Why prisoners need the vote

Why prisoners need the vote

By Juliet Lyon



The UK is one of only 12 European countries that still strip prisoners of their voting rights. This must change



There are few or no votes in prison reform and little interest in the rights and responsibilities of those behind bars. One of the reasons is that prisoners themselves can't vote.

Five years ago today the European court of human rights ruled that the UK's blanket ban on prisoners' voting is unlawful and in violation of Article 3 of the First Protocol of the European convention on human rights.

Since then the government has employed a range of delaying tactics to avoid implementing the ruling. The UK is normally regarded as having a good record in complying with European court decisions, but it seems that successive justice ministers have been preoccupied with political considerations and fear of adverse headlines, rather than fairness or the rule of law.

Disenfranchisement is a relic from punishments of the past dating back to the Forfeiture Act of 1870. It is based on an idea of civic death and the withdrawal of citizenship rights and responsibilities. A far cry from what we would expect from a 21st-century justice system and a modernised prison service. People are sent to prison to lose their liberty not their identity.

A coalition of senior cross-party politicians, church and faith leaders, former offenders, human rights charities and prison reformers is calling for sentenced prisoners to be given the vote ahead of the forthcoming general election.
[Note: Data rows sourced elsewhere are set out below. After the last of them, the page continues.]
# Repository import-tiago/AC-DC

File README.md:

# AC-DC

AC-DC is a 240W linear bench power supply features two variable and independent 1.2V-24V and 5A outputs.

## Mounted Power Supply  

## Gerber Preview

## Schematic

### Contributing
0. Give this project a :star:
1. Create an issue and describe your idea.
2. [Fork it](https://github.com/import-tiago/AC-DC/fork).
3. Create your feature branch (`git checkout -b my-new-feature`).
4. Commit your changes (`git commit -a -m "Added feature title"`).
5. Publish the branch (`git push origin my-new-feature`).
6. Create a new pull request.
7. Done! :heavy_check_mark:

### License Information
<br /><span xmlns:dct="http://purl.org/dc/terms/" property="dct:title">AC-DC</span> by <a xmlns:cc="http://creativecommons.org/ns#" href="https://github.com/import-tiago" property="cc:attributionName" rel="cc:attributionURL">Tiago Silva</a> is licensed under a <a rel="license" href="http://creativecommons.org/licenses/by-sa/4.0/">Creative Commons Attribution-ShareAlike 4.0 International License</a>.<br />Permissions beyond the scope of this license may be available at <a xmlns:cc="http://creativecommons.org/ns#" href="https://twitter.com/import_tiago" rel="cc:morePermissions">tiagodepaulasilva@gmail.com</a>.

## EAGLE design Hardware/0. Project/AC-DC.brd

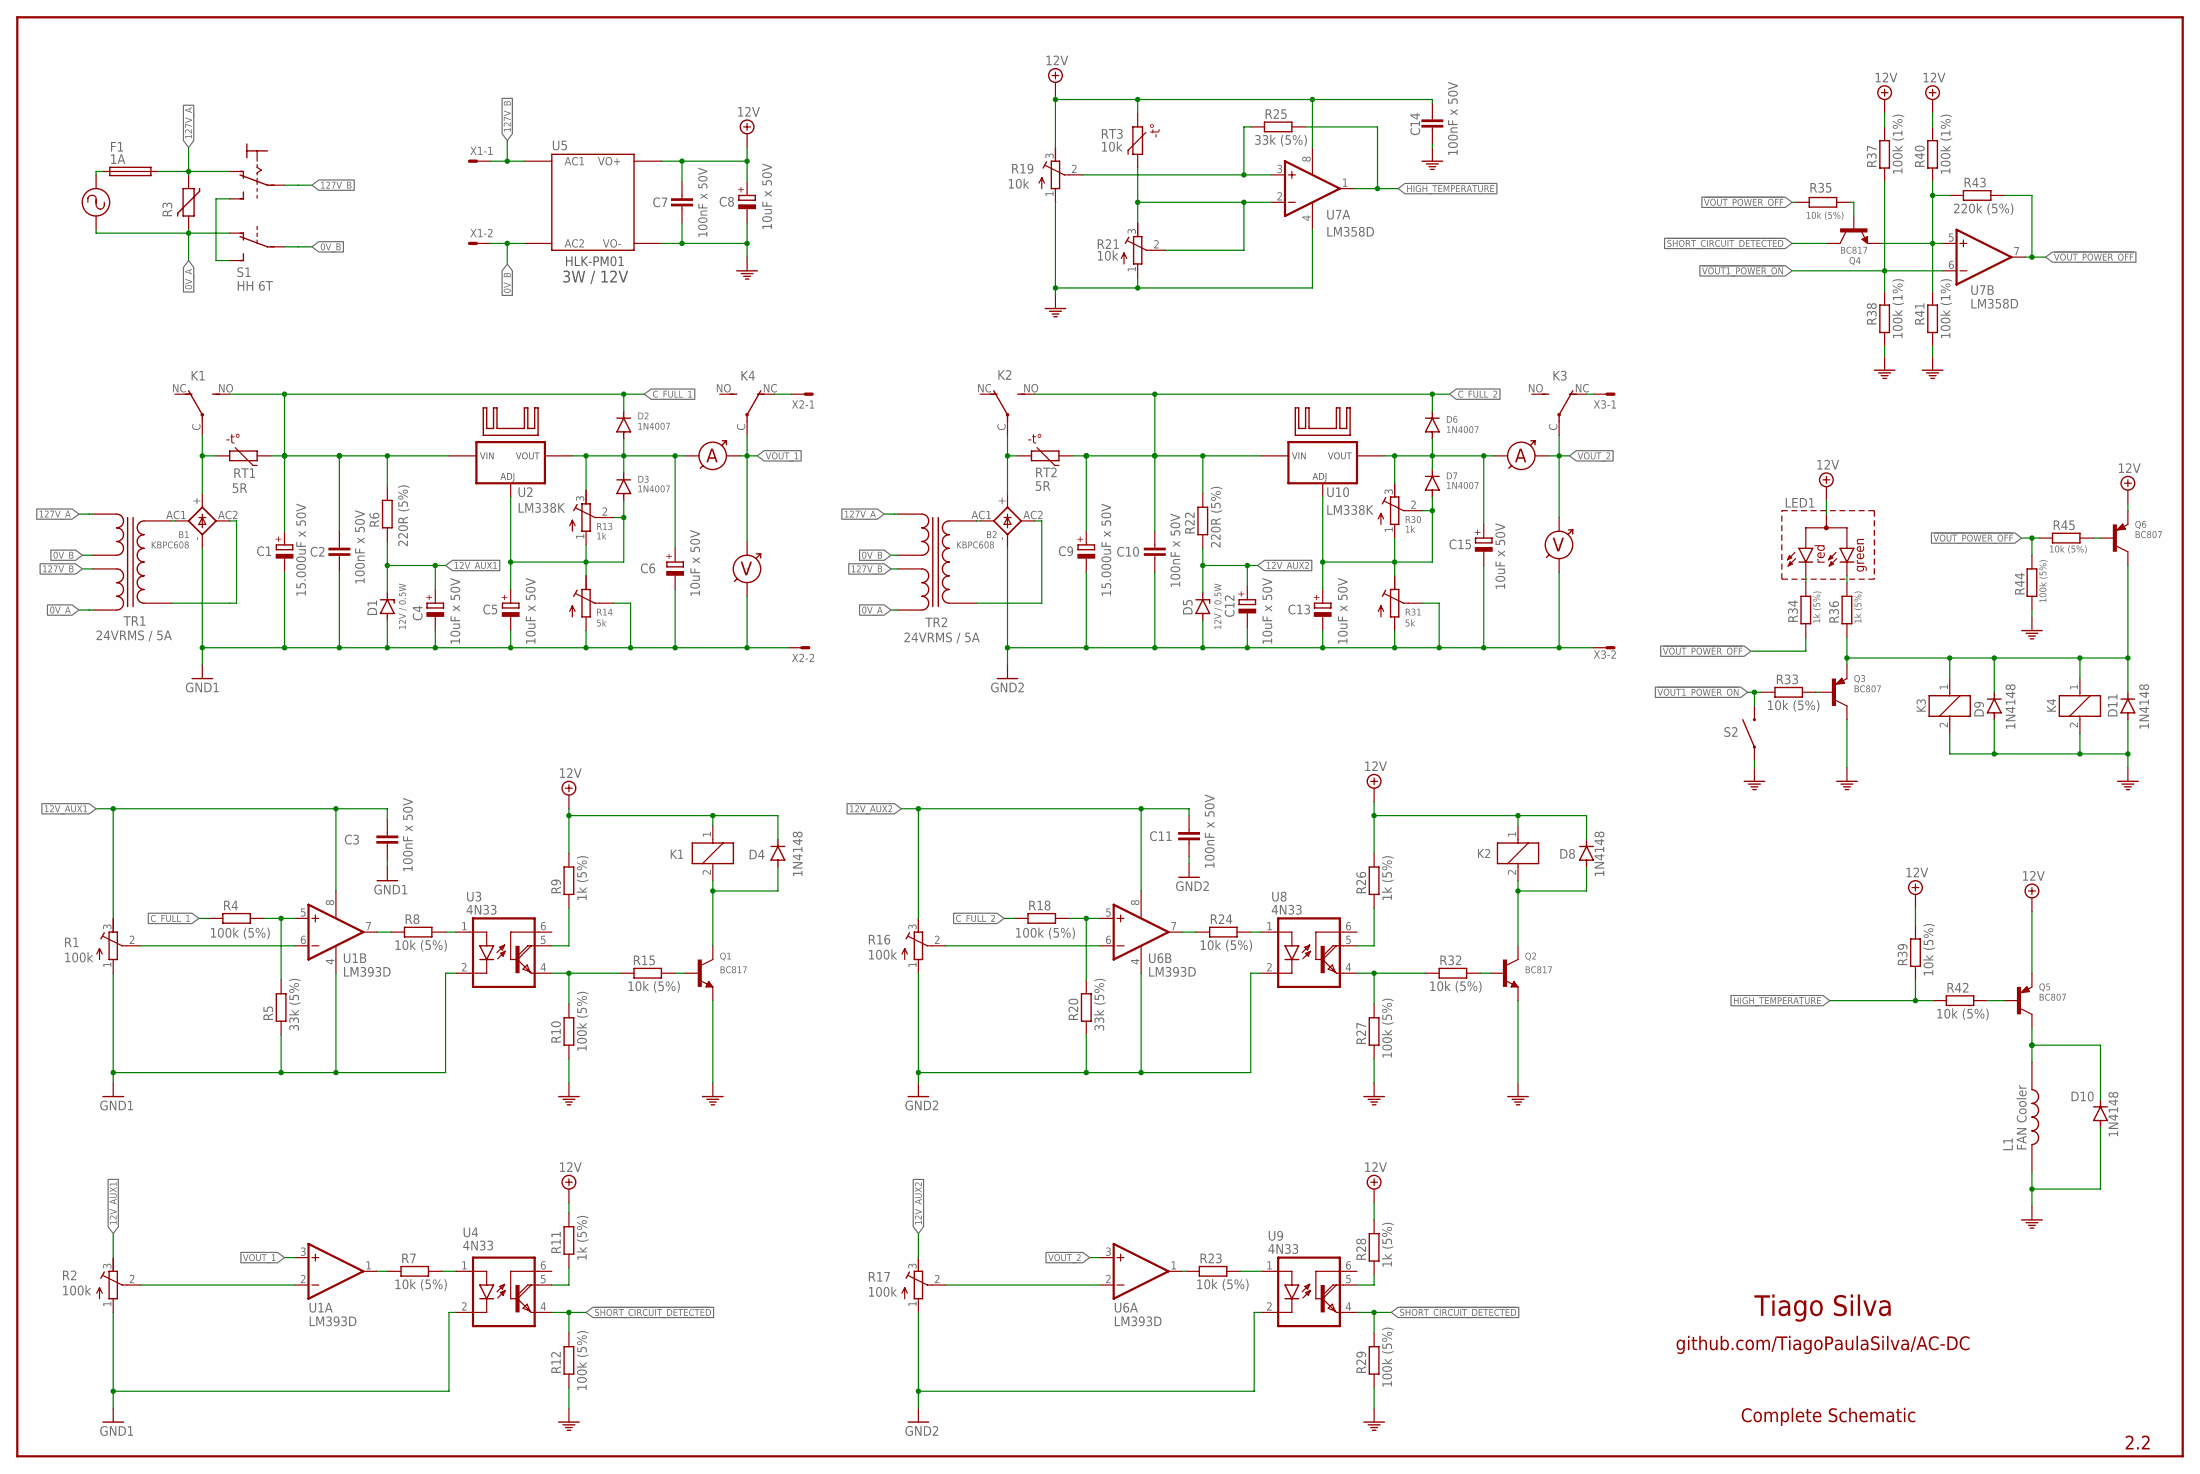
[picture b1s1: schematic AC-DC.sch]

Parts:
AMP1, AMP2: AMMETER
B1, B2: KBPC608; GBPC1
C1, C9: 15.000uF x 50V; EB35D
C2, C3, C7, C10, C11, C14: 100nF x 50V; C0805
C4, C5, C6, C8, C12, C13, C15: 10uF x 50V; 153CLV-0605
D1, D5: 12V / 0.5W; SOD80C
D2, D3, D6, D7: 1N4007; SOD-123_MINI-SMA
D4, D8, D9, D10, D11: 1N4148; SOD80C
K1, K2, K3, K4: CQ1-12V; CQ1
L1: FAN Cooler; MOLEX-2P
LED1: LED-BICOLOR-MOLEX3P; MOLEX3P
Q1, Q2, Q4: BC817; SOT23
Q3, Q5, Q6: BC807; SOT23-BEC
R1, R2, R16, R17: 100k; RTRIM3202
R4, R10, R12, R18, R27, R29, R44: 100k (5%); R0805
R5, R20, R25: 33k (5%); R0805
R6, R22: 220R (5%); R2512
R7, R8, R15, R23, R24, R32, R33, R35, R39, R42, R45: 10k (5%); R0805
R9, R11, R26, R28, R34, R36: 1k (5%); R0805
R13, R30: 1k; RTRIM3202
R14, R31: 5k; MOLEX3P
R19, R21: 10k; RTRIM3202
R37, R38, R40, R41: 100k (1%); R0805
R43: 220k (5%); R0805
RT1, RT2: 5R; 11MM
RT3: 10k; MOLEX2P
S2: SWITCH-MOLEX2P; MOLEX-2P
TR1, TR2: 24VRMS / 5A; 2PINS
U1, U6: LM393D; SO08
U2, U10: LM338K; MOLEX3P
U3, U4, U8, U9: 4N33; DIL6-SMD
U5: HLK-PM01
U7: LM358D; SO08
VOLT1, VOLT2: VOLTMETER
X1, X2, X3: 22-23-2021

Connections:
0V_B: U5.P$2 (AC2), X1.2
12V_AUX1: C3.1, C4.+, D1.C, R1.3 (E), R2.3 (E), R6.1, U1.8 (V+), VOLT1.P$1
12V_AUX2: C11.1, C12.+, D5.C, R16.3 (E), R17.3 (E), R22.1, U6.8 (V+), VOLT2.P$1
127V_B: U5.P$1 (AC1), X1.1
!SHORT_CIRCUIT_DETECTED!: Q4.3 (C), R12.2, R29.2, U4.4 (E), U9.4 (E)
!VOUT1_POWER_ON!: R33.2, R37.1, R38.2, S2.P$2 (2), U7.6 (-IN)
!VOUT1_POWER_ON!1: R11.1, U4.5 (COL)
!VOUT1_POWER_ON!2: R9.1, U3.5 (COL)
!VOUT1_POWER_ON!3: R28.1, U9.5 (COL)
!VOUT1_POWER_ON!4: R26.1, U8.5 (COL)
!VOUT_POWER_OFF!: R34.2, R35.1, R43.2, R44.1, R45.1, U7.7 (OUT)
+12V: C7.1, C8.+, C14.1, D4.C, D8.C, K1.1, K2.1, LED1.P$1 (A), Q5.E, Q6.E, R9.2, R11.2, R19.3 (E), R26.2, R28.2, R37.2, R39.2, R40.2, RT3.P$2 (2), U5.P$4 (VO+), U7.8 (V+)
C_FULL_1: C1.+, C2.1, D2.C, K1.NO (S), R4.2, R6.2, RT1.P$1 (1), U2.1 (VIN)
C_FULL_2: C9.+, C10.1, D6.C, K2.NO (S), R18.2, R22.2, RT2.P$1 (1), U10.1 (VIN)
GND1: B1.-, C1.-, C2.2, C3.2, C4.-, C5.-, C6.-, D1.A, R1.1 (A), R2.1 (A), R5.1, R14.P$1 (A), R14.P$3 (S), U1.4 (V-), U3.2 (C), U4.2 (C), VOLT1.P$2, X2.2
GND2: B2.-, C9.-, C10.2, C11.2, C12.-, C13.-, C15.-, D5.A, R16.1 (A), R17.1 (A), R20.1, R31.P$1 (A), R31.P$3 (S), U6.4 (V-), U8.2 (C), U9.2 (C), VOLT2.P$2, X3.2
HIGH_TEMPERATURE: R25.2, R39.1, R42.1, U7.1 (OUT)
unnamed: B1.+, K1.C, RT1.P$2 (2)
unnamed: D4.A, K1.2, Q1.3 (C)
unnamed: LED1.P$3 (CR), R34.1
unnamed: Q1.1 (B), R15.2
unnamed: R17.2 (S), U6.2 (-IN)
unnamed: R1.2 (S), U1.6 (-IN)
unnamed: Q6.B, R45.2
unnamed: B1.AC1, TR1.1
unnamed: B1.AC2, TR1.2
unnamed: D9.C, D11.C, K3.1, K4.1, Q3.E, Q6.C, R36.1
unnamed: LED1.P$2 (CG), R36.2
unnamed: Q3.B, R33.1
unnamed: AMP1.2, C6.+, D2.A, D3.C, R13.3 (E), U2.3 (VOUT)
unnamed: C5.+, D3.A, R13.1 (A), R13.2 (S), R14.P$2 (E), U2.2 (GND)
unnamed: K4.NC (O), X2.1
unnamed: R4.1, R5.2, U1.5 (+IN)
unnamed: R7.1, U1.1 (OUT)
unnamed: R7.2, U4.1 (A)
unnamed: Q4.2 (E), R40.1, R41.2, R43.1, U7.5 (+IN)
unnamed: Q4.1 (B), R35.2
unnamed: B2.AC1, TR2.1
unnamed: B2.AC2, TR2.2
unnamed: R2.2 (S), U1.2 (-IN)
unnamed: AMP2.2, C15.+, D6.A, D7.C, R30.3 (E), U10.3 (VOUT)
unnamed: C13.+, D7.A, R30.1 (A), R30.2 (S), R31.P$2 (E), U10.2 (GND)
unnamed: K3.NC (O), X3.1
unnamed: B2.+, K2.C, RT2.P$2 (2)
unnamed: Q5.B, R42.2
unnamed: D8.A, K2.2, Q2.3 (C)
unnamed: R21.2 (S), R21.3 (E), RT3.P$1 (1), U7.2 (-IN)
unnamed: R19.2 (S), R25.1, U7.3 (+IN)
unnamed: R8.1, U1.7 (OUT)
unnamed: D10.C, L1.P$1 (1), Q5.C
unnamed: R8.2, U3.1 (A)
unnamed: Q2.1 (B), R32.2
unnamed: R18.1, R20.2, U6.5 (+IN)
unnamed: R23.1, U6.1 (OUT)
unnamed: R16.2 (S), U6.6 (-IN)
unnamed: R23.2, U9.1 (A)
unnamed: R24.1, U6.7 (OUT)
unnamed: R24.2, U8.1 (A)
unnamed: R27.2, R32.1, U8.4 (E)
unnamed: R10.2, R15.1, U3.4 (E)
PE: C7.2, C8.-, C14.2, D9.A, D10.A, D11.A, K3.2, K4.2, L1.P$2 (2), Q1.2 (E), Q2.2 (E), Q3.C, R10.1, R12.1, R19.1 (A), R21.1 (A), R27.1, R29.1, R38.1, R41.1, R44.2, S2.P$1 (1), U5.P$3 (VO-), U7.4 (V-)
VOUT_1: AMP1.1, K4.C, U1.3 (+IN), VOLT1.P$3
VOUT_2: AMP2.1, K3.C, U6.3 (+IN), VOLT2.P$3

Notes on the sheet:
Tiago Silva
github.com/TiagoPaulaSilva/AC-DC
2.2
Complete Schematic
3W / 12V

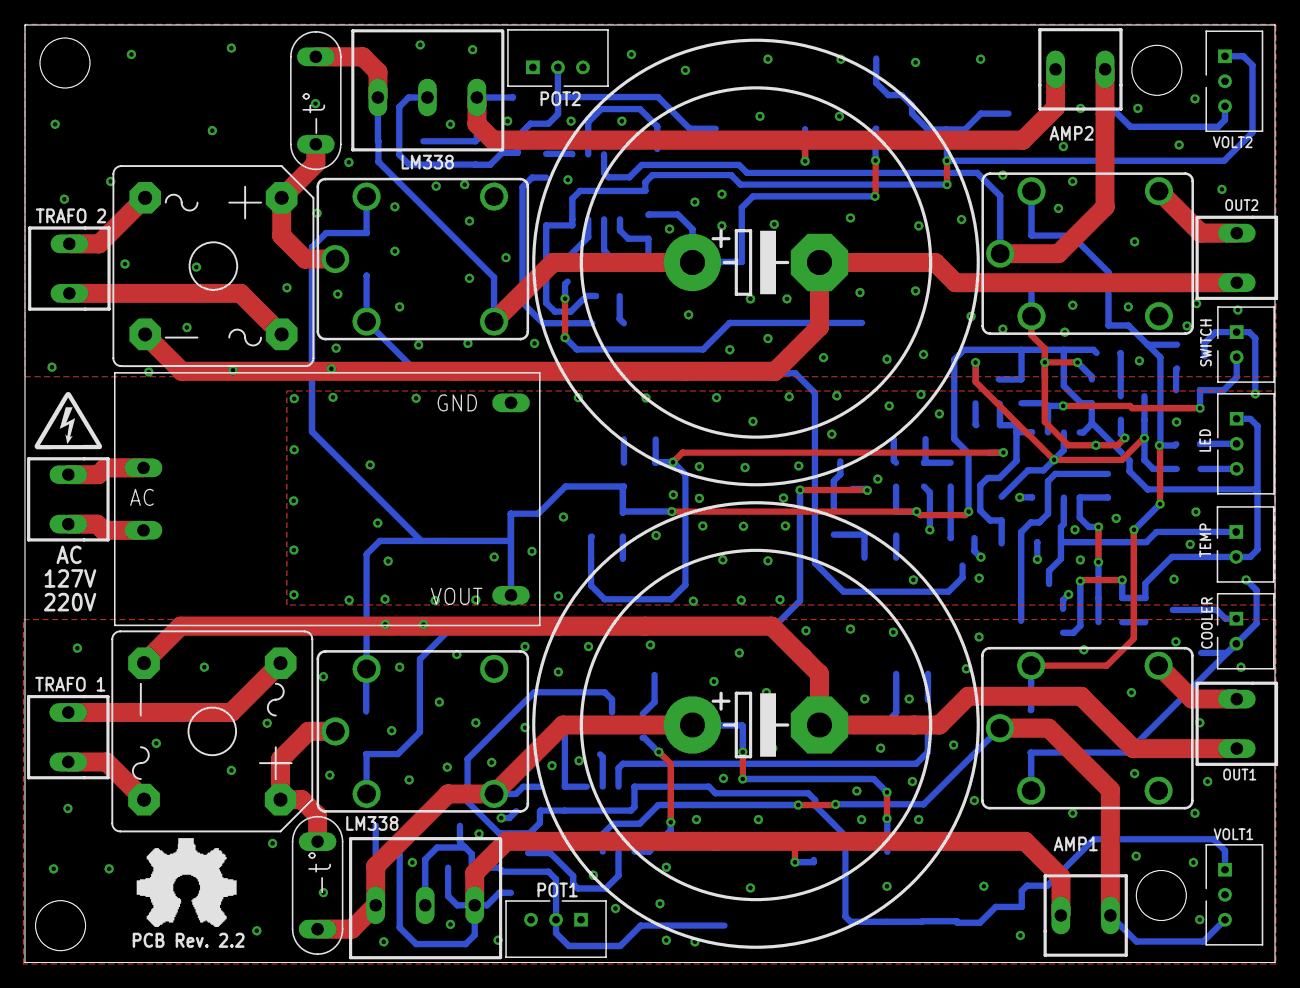
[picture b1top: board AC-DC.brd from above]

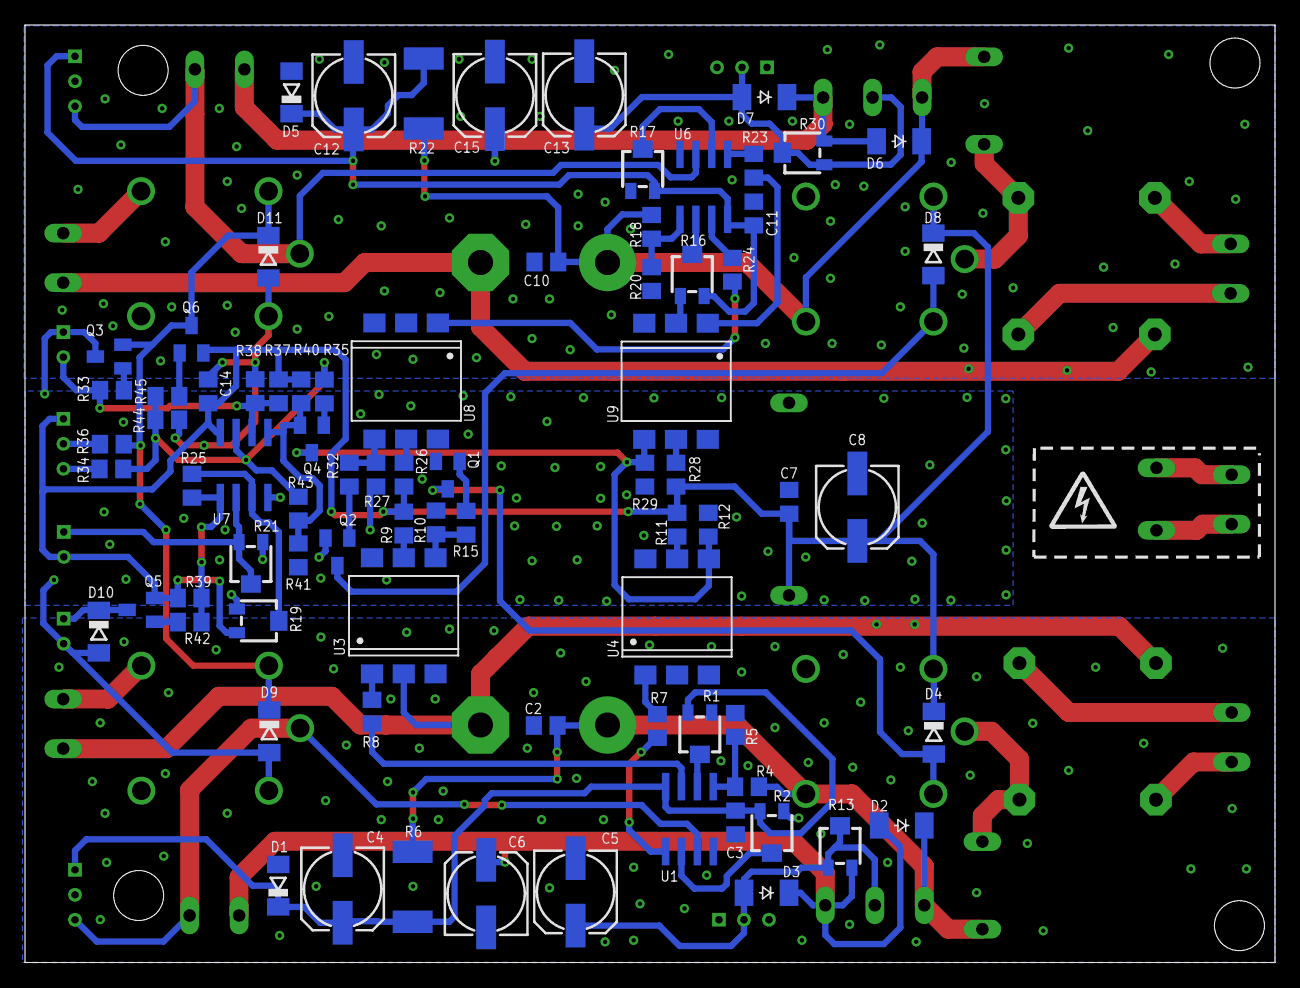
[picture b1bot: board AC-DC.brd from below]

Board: 2 copper layers, 100.0 x 75.0 mm, 107 parts (79 on the bottom side), 63 nets.

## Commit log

2019-08-01 .gitattributes added
2019-08-01 Schematic created
2019-08-02 Schematic design started
2019-08-02 New datasheets added
2019-08-02 Short-circuit added to schematic
2019-08-03 Schematic done
2019-08-04 Inrush current's capacitor circuit protect added
2019-08-04 Temperature Sensor for Heat Sink Added
2019-08-08 Minor improvements
2019-08-19 Schematic updated to 1.1 version
2019-08-20 PCB layout started
2019-08-21 PCB layout done
2019-08-21 Gerber files generated
2019-08-21 tStop added to high current traces
2019-08-21 Hidden components names/values of silkscreen
2019-08-21 GND high current return improved
2019-08-21 Components designators repositioned
2019-09-04 Set theme jekyll-theme-minimal
2019-11-16 Add images
2019-11-29 Schematic updated to 2.0
    - All Op. Amps. that was voltage compators was updated to LM393.
    - Fixed conflicts at +12V and +24V lines.
    - Now, there is only one temperature circuit monitor.
    - Ground from supply1 and supply2 is now isolated from each other
    (series and parallel association are now possible).
2019-12-04 Schematic 2.0 done
2019-12-04 Schematic image from 2.0 added
2019-12-04 Schematic 2.1 (better organization)
2019-12-16 Working on at 2.1 schematic
2019-12-16 Relay datasheet added
2020-01-15 Schematic and PCB layout 2.1 updated
2020-01-15 Gerber files from PCB 2.2
2020-01-15 Images used at PCB
2020-01-15 Gerber preview from 2.2 PCB layout
2020-01-15 PCB version ref added at PCB design
2020-01-15 File updated to 2.2 PCB rev.
2020-02-09 Images resized
2023-07-21 usernames in URLs updated

Parliament's joint committee on human rights has also criticised undue delays and has called on the government to introduce an urgent remedial order to put matters right. In 2008 the committee warned in its annual report that "there is a significant risk that the next general election will take place in a way that fails to comply with the convention".

As the ECHR said, barring prisoners from voting may actually harm rehabilitation work, since participating in elections is likely to encourage them to become responsible, law-abiding citizens. The Prison Governors' Association and other senior managers in the prison service in England and Wales believe that voting rights and representation form part of the process of preparing prisoners for resettlement in their communities. They acknowledge that granting prisoners the right to vote would neither threaten public safety nor be difficult to implement, given arrangements for postal voting.

Bob Cummines, chief executive of Unlock, the National Association of Reformed Offenders, points out: "It would make more sense to encourage them to engage with social issues through the ballot box rather than continue to reinforce their exclusion from society which often causes them to commit crime in the first place."

The UK seems to have lost its way when it comes to the rights and responsibilities of its citizens in prison. As we stall, the government in Hong Kong has just concluded a sensible public consultation exercise prior to enfranchising all, or most, of its prisoners.

Handing down a landmark ruling that all prisoners should have the right to vote in April 1999, the constitutional court of South Africa declared that: "The universality of the franchise is important not only for nationhood and democracy. The vote of each and every citizen is a badge of dignity and personhood. Quite literally it says that everybody counts."

According to the joint committee on human rights, the UK is now also out of step with most European countries. Prisoners may vote without restriction in 17 countries and may frequently or sometimes vote in a further 13. The UK is one of only 12 countries where people in prison are still stripped of their voting rights.

The Prison Reform Trust has now made a formal complaint to the Council of Europe about the government's failure to comply with the court judgment and amend UK election law. This should be done without fuss and further delay.